━━ DATA EXTRACT ━━
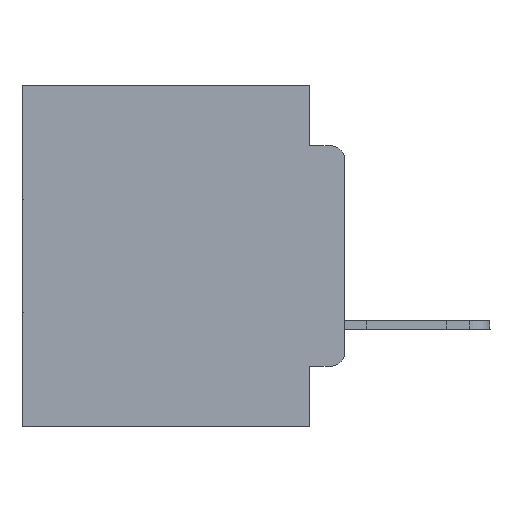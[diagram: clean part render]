
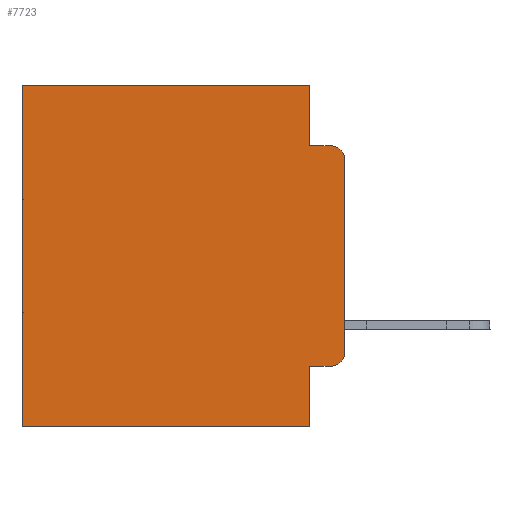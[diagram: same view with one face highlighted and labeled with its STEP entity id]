
A CAD part, left-side view. The second image highlights one B-rep face of the part: STEP entity #7723.
In plain terms, the highlighted planar face has unit normal (-1, 0, 0).
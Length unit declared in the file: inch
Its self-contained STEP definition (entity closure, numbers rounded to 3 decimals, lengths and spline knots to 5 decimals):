
#651 = VECTOR ( 'NONE', #3430, 39.37008 ) ;
#938 = ORIENTED_EDGE ( 'NONE', *, *, #15193, .T. ) ;
#952 = EDGE_CURVE ( 'NONE', #7758, #16243, #21026, .T. ) ;
#1074 = EDGE_CURVE ( 'NONE', #15728, #22945, #15075, .T. ) ;
#1800 = LINE ( 'NONE', #17919, #8973 ) ;
#2042 = VERTEX_POINT ( 'NONE', #25677 ) ;
#2430 = EDGE_CURVE ( 'NONE', #24637, #8701, #23002, .T. ) ;
#3340 = EDGE_CURVE ( 'NONE', #16402, #22945, #28088, .T. ) ;
#3430 = DIRECTION ( 'NONE',  ( 0., -1., 0. ) ) ;
#3809 = AXIS2_PLACEMENT_3D ( 'NONE', #20455, #24958, #19997 ) ;
#4191 = ORIENTED_EDGE ( 'NONE', *, *, #1074, .F. ) ;
#4502 = CARTESIAN_POINT ( 'NONE',  ( 0.298, 0.051, -0.0885 ) ) ;
#5042 = EDGE_LOOP ( 'NONE', ( #4191, #15189, #23659, #21441, #938, #23070, #8481, #8708, #19578, #24066 ) ) ;
#5724 = VERTEX_POINT ( 'NONE', #14421 ) ;
#6754 = CARTESIAN_POINT ( 'NONE',  ( 0.298, 0.051, 0. ) ) ;
#7015 = CARTESIAN_POINT ( 'NONE',  ( 0.298, 0.051, 0. ) ) ;
#7315 = DIRECTION ( 'NONE',  ( 0., 0., -1. ) ) ;
#7393 = FACE_OUTER_BOUND ( 'NONE', #5042, .T. ) ;
#7723 = ADVANCED_FACE ( 'NONE', ( #7393 ), #16830, .F. ) ;
#7758 = VERTEX_POINT ( 'NONE', #22415 ) ;
#8091 = CARTESIAN_POINT ( 'NONE',  ( 0.298, 0.051, -0.0885 ) ) ;
#8118 = CARTESIAN_POINT ( 'NONE',  ( 0.298, 0., 0. ) ) ;
#8280 = VECTOR ( 'NONE', #12301, 39.37008 ) ;
#8481 = ORIENTED_EDGE ( 'NONE', *, *, #8777, .F. ) ;
#8701 = VERTEX_POINT ( 'NONE', #29263 ) ;
#8708 = ORIENTED_EDGE ( 'NONE', *, *, #27906, .F. ) ;
#8777 = EDGE_CURVE ( 'NONE', #5724, #8701, #14990, .T. ) ;
#8973 = VECTOR ( 'NONE', #10793, 39.37008 ) ;
#9538 = VECTOR ( 'NONE', #7315, 39.37008 ) ;
#9606 = EDGE_CURVE ( 'NONE', #2042, #16402, #14766, .T. ) ;
#10459 = CARTESIAN_POINT ( 'NONE',  ( 0.298, 0.473, 0. ) ) ;
#10793 = DIRECTION ( 'NONE',  ( 0., 1., 0. ) ) ;
#11072 = VECTOR ( 'NONE', #21474, 39.37008 ) ;
#11092 = EDGE_CURVE ( 'NONE', #15728, #23190, #23695, .T. ) ;
#12301 = DIRECTION ( 'NONE',  ( 0., -1., 0. ) ) ;
#12546 = CARTESIAN_POINT ( 'NONE',  ( 0.298, 0.02, -0.4115 ) ) ;
#12863 = CARTESIAN_POINT ( 'NONE',  ( 0.298, 0.02, -0.0885 ) ) ;
#12876 = LINE ( 'NONE', #8091, #651 ) ;
#14421 = CARTESIAN_POINT ( 'NONE',  ( 0.298, 0.051, -0.5 ) ) ;
#14514 = DIRECTION ( 'NONE',  ( 0., 0., -1. ) ) ;
#14766 = LINE ( 'NONE', #28750, #8280 ) ;
#14778 = DIRECTION ( 'NONE',  ( 0., 0., -1. ) ) ;
#14990 = LINE ( 'NONE', #19525, #17627 ) ;
#15075 = LINE ( 'NONE', #8118, #17018 ) ;
#15189 = ORIENTED_EDGE ( 'NONE', *, *, #11092, .T. ) ;
#15193 = EDGE_CURVE ( 'NONE', #7758, #24637, #1800, .T. ) ;
#15728 = VERTEX_POINT ( 'NONE', #23154 ) ;
#16243 = VERTEX_POINT ( 'NONE', #4502 ) ;
#16306 = CARTESIAN_POINT ( 'NONE',  ( 0.298, 0., -0.3915 ) ) ;
#16402 = VERTEX_POINT ( 'NONE', #12546 ) ;
#16459 = DIRECTION ( 'NONE',  ( 0., 0., -1. ) ) ;
#16830 = PLANE ( 'NONE',  #30650 ) ;
#17018 = VECTOR ( 'NONE', #14778, 39.37008 ) ;
#17263 = EDGE_CURVE ( 'NONE', #16243, #23190, #12876, .T. ) ;
#17627 = VECTOR ( 'NONE', #22003, 39.37008 ) ;
#17919 = CARTESIAN_POINT ( 'NONE',  ( 0.298, 0., 0. ) ) ;
#19525 = CARTESIAN_POINT ( 'NONE',  ( 0.298, 0., -0.5 ) ) ;
#19578 = ORIENTED_EDGE ( 'NONE', *, *, #9606, .T. ) ;
#19997 = DIRECTION ( 'NONE',  ( 0., 0., -1. ) ) ;
#20369 = CARTESIAN_POINT ( 'NONE',  ( 0.298, 0.473, 0. ) ) ;
#20455 = CARTESIAN_POINT ( 'NONE',  ( 0.298, 0.02, -0.3915 ) ) ;
#21026 = LINE ( 'NONE', #6754, #11072 ) ;
#21441 = ORIENTED_EDGE ( 'NONE', *, *, #952, .F. ) ;
#21474 = DIRECTION ( 'NONE',  ( 0., 0., -1. ) ) ;
#21973 = DIRECTION ( 'NONE',  ( 1., 0., 0. ) ) ;
#22003 = DIRECTION ( 'NONE',  ( 0., 1., 0. ) ) ;
#22415 = CARTESIAN_POINT ( 'NONE',  ( 0.298, 0.051, 0. ) ) ;
#22945 = VERTEX_POINT ( 'NONE', #16306 ) ;
#23002 = LINE ( 'NONE', #20369, #26673 ) ;
#23070 = ORIENTED_EDGE ( 'NONE', *, *, #2430, .T. ) ;
#23154 = CARTESIAN_POINT ( 'NONE',  ( 0.298, 0., -0.1085 ) ) ;
#23190 = VERTEX_POINT ( 'NONE', #12863 ) ;
#23605 = CARTESIAN_POINT ( 'NONE',  ( 0.298, 0.02, -0.1085 ) ) ;
#23659 = ORIENTED_EDGE ( 'NONE', *, *, #17263, .F. ) ;
#23695 = CIRCLE ( 'NONE', #24684, 0.02 ) ;
#23904 = LINE ( 'NONE', #7015, #9538 ) ;
#24066 = ORIENTED_EDGE ( 'NONE', *, *, #3340, .T. ) ;
#24637 = VERTEX_POINT ( 'NONE', #10459 ) ;
#24684 = AXIS2_PLACEMENT_3D ( 'NONE', #23605, #28106, #16459 ) ;
#24958 = DIRECTION ( 'NONE',  ( -1., 0., 0. ) ) ;
#25677 = CARTESIAN_POINT ( 'NONE',  ( 0.298, 0.051, -0.4115 ) ) ;
#26315 = CARTESIAN_POINT ( 'NONE',  ( 0.298, 0., 0. ) ) ;
#26673 = VECTOR ( 'NONE', #30131, 39.37008 ) ;
#27906 = EDGE_CURVE ( 'NONE', #2042, #5724, #23904, .T. ) ;
#28088 = CIRCLE ( 'NONE', #3809, 0.02 ) ;
#28106 = DIRECTION ( 'NONE',  ( -1., 0., 0. ) ) ;
#28750 = CARTESIAN_POINT ( 'NONE',  ( 0.298, 0.051, -0.4115 ) ) ;
#29263 = CARTESIAN_POINT ( 'NONE',  ( 0.298, 0.473, -0.5 ) ) ;
#30131 = DIRECTION ( 'NONE',  ( 0., 0., -1. ) ) ;
#30650 = AXIS2_PLACEMENT_3D ( 'NONE', #26315, #21973, #14514 ) ;
━━━
Would you output, from the records above, exactly the run of lines that starts at the line containing "#938 = ORIENTED_EDGE" and ends at the line containing "#2042 = VERTEX_POINT ( 'NONE', #25677 ) ;", and only that run?

### SOLUTION FOR THIS PROBLEM
#938 = ORIENTED_EDGE ( 'NONE', *, *, #15193, .T. ) ;
#952 = EDGE_CURVE ( 'NONE', #7758, #16243, #21026, .T. ) ;
#1074 = EDGE_CURVE ( 'NONE', #15728, #22945, #15075, .T. ) ;
#1800 = LINE ( 'NONE', #17919, #8973 ) ;
#2042 = VERTEX_POINT ( 'NONE', #25677 ) ;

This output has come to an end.